Tudo o mais é ilusão e mentira.
Também a linguagem sofreu algumas retificações,
e certas conclusões, que me tinham parecido simples,
vi que eram temerárias. Não podia ainda escrever
a memória que havia de mandar ao Museu Nacional, ao
Instituto Histórico e às universidades alemãs,
não porque faltasse matéria, mas para acumular
primeiro todas as observações e ratificá-las.
Nos últimos dias, não saía de casa, não
respondia a cartas, não quis saber de amigos nem parentes.
Todo eu era canário. De manhã, um dos criados
tinha a seu cargo limpar a gaiola e pôr-lhe água
e comida. O passarinho não lhe dizia nada, como se
soubesse que a esse homem faltava qualquer preparo científico.
Também o serviço era o mais sumário do
mundo; o criado não era amador de pássaros.
Um sábado amanheci enfermo, a cabeça e a espinha
doíam-me. O médico ordenou absoluto repouso;
era excesso de estudo, não devia ler nem pensar, não
devia saber sequer o que se passava na cidade e no mundo.

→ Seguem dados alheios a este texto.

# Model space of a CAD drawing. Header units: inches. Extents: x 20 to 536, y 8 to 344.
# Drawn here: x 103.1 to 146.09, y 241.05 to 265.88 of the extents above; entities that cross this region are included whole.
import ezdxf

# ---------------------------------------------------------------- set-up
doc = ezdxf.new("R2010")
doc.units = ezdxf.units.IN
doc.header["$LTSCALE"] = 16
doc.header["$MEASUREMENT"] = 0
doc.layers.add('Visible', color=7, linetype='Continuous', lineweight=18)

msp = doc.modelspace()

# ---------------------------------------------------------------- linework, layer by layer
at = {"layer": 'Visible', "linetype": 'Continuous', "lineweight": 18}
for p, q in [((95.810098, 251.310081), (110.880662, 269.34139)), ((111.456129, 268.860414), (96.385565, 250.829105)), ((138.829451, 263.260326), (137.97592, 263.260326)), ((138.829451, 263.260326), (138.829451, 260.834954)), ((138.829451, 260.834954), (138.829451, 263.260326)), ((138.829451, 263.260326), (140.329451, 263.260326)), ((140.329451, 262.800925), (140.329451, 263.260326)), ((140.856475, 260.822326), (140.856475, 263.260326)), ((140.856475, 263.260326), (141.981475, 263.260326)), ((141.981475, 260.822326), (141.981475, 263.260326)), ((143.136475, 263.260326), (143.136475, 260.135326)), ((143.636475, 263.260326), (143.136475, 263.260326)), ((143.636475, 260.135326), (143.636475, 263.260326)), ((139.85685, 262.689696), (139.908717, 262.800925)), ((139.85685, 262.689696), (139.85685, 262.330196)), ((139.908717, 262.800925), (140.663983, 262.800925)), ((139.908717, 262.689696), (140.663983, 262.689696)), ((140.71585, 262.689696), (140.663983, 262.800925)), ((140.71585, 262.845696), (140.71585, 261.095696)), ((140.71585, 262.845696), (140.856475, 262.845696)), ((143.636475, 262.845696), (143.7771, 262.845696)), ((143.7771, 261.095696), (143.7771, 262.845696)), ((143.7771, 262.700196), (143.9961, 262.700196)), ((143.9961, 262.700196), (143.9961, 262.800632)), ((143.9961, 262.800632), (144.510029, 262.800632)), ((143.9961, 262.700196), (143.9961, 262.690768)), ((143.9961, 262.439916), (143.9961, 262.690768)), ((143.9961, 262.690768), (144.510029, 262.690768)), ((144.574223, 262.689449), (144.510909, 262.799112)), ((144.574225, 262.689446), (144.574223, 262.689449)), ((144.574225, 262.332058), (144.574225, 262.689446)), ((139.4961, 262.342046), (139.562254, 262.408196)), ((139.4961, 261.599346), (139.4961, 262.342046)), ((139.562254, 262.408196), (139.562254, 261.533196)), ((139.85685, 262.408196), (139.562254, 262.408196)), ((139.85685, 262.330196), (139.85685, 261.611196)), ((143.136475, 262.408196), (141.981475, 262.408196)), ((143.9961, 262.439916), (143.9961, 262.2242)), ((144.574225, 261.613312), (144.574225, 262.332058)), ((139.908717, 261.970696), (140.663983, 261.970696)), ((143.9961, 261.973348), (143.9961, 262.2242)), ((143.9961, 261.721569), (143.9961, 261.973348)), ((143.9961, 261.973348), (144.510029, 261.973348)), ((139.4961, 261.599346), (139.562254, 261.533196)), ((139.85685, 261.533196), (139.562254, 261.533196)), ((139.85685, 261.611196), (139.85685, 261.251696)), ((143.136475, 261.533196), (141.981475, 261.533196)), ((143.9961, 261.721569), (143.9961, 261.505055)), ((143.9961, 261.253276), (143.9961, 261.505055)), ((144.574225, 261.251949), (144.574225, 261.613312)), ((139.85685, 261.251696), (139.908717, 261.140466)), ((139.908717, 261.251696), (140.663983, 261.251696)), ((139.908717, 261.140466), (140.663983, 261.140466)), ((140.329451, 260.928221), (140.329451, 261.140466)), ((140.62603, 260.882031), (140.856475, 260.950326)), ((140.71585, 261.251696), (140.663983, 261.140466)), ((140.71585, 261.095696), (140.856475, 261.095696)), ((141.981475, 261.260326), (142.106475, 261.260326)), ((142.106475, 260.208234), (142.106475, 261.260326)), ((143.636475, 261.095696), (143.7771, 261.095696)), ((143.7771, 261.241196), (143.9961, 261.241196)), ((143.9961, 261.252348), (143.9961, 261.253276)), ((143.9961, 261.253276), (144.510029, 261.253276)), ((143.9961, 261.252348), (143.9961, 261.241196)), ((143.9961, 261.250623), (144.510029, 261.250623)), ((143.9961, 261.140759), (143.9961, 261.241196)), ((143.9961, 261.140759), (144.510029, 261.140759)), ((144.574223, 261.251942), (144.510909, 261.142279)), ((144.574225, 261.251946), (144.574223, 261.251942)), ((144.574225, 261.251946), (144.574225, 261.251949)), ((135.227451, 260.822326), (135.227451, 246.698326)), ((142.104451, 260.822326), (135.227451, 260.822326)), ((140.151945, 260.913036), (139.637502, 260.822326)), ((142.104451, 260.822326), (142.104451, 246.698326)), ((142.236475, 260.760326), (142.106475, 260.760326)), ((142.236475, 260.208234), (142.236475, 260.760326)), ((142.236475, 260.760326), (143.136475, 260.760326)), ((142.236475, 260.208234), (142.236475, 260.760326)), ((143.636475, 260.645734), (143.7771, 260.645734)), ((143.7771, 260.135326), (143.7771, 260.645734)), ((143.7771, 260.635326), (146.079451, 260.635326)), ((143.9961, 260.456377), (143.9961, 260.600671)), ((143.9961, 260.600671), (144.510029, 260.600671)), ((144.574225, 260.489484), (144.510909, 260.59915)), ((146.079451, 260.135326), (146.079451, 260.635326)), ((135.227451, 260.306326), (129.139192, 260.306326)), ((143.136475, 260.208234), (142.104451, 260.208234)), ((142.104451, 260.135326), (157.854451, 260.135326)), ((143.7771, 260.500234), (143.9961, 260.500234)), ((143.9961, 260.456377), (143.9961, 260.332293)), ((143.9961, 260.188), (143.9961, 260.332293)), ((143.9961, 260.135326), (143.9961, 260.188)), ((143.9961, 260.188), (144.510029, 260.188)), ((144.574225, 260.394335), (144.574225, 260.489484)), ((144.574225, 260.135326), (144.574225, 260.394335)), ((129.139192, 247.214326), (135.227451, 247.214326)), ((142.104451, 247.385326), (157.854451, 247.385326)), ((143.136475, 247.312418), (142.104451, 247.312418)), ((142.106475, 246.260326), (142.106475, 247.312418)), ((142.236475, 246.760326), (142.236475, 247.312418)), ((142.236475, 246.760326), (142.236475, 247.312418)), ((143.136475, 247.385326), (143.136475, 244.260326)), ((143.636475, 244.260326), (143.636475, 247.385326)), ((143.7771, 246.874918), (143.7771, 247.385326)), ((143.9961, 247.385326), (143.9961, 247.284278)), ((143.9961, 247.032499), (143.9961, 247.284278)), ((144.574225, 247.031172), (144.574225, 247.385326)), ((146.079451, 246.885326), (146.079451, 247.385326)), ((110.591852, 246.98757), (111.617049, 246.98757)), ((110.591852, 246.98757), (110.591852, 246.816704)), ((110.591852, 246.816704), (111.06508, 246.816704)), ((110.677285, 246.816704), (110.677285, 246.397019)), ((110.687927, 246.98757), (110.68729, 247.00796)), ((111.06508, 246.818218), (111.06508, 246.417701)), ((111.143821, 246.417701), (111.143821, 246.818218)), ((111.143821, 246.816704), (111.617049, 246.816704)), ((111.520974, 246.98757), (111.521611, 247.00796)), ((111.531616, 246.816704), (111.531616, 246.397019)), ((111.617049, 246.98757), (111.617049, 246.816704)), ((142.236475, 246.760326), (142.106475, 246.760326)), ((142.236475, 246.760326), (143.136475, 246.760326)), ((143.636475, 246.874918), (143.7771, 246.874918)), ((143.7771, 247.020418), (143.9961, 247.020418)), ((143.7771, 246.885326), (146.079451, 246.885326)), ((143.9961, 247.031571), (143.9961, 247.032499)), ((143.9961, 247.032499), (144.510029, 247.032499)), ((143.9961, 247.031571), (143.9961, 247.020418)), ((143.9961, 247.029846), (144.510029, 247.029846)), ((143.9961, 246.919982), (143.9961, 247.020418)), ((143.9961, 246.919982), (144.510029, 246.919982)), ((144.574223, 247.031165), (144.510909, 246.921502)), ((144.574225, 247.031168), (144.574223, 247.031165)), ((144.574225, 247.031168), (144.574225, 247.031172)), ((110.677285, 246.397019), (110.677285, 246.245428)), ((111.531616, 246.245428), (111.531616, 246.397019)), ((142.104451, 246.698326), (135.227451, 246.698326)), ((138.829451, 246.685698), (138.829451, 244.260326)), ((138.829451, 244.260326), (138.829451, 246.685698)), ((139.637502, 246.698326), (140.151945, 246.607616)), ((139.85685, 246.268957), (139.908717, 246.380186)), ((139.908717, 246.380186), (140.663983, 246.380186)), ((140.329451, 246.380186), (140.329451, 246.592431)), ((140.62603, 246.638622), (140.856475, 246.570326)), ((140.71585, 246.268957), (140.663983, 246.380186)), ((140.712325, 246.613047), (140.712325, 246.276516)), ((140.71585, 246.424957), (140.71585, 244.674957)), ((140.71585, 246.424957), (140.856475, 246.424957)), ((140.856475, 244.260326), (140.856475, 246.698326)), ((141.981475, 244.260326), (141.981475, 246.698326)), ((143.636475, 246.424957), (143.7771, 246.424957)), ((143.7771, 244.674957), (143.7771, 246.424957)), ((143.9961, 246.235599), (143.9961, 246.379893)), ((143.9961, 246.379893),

Assim fiquei cinco dias; no sexto levantei-me, e só
então soube que o canário, estando o criado
a tratar dele, fugira da gaiola. O meu primeiro gesto foi
para esganar o criado; a indignação sufocou-me,
caí na cadeira, sem voz, tonto. O culpado defendeu-se,
jurou que tivera cuidado, o passarinho é que fugira
por astuto...
- Mas não o procuraram?
- Procuramos, sim, senhor; a princípio trepou ao telhado,
trepei também, ele fugiu, foi para uma árvore,
depois escondeu-se não sei onde. Tenho indagado desde
ontem, perguntei aos vizinhos, aos chacareitos, ninguém
sabe nada.
Padeci muito; felizmente, a fadiga estava passada, e com algumas
horas pude sair à varanda e ao jardim. Nem sombra de
canário. Indaguei, corri, anunciei, e nada. Tinha já
recolhido as notas para compor a memória, ainda que
truncada e incompleta, quando me sucedeu visitar um amigo,
que ocupa uma das mais belas e grandes chácaras dos
arrabaldes. Passeávamos nela antes de jantar, quando
ouvi trilar esta pergunta:
- Viva, Sr. Macedo, por onde tem andado que desapareceu?
Era o canário; estava no galho de uma árvore.
Imaginem como fiquei, e o que lhe disse. O meu amigo cuidou
que eu estivesse doudo; mas que me importavam cuidados de
amigos? Falei ao canário com ternura, pedi-lhe que
viesse continuar a conversação, naquele nosso
mundo composto de um jardim e repuxo, varanda e gaiola branca
e circular...
- Que jardim? que repuxo?
- O mundo, meu querido.
- Que mundo? Tu não perdes os maus costumes de professor.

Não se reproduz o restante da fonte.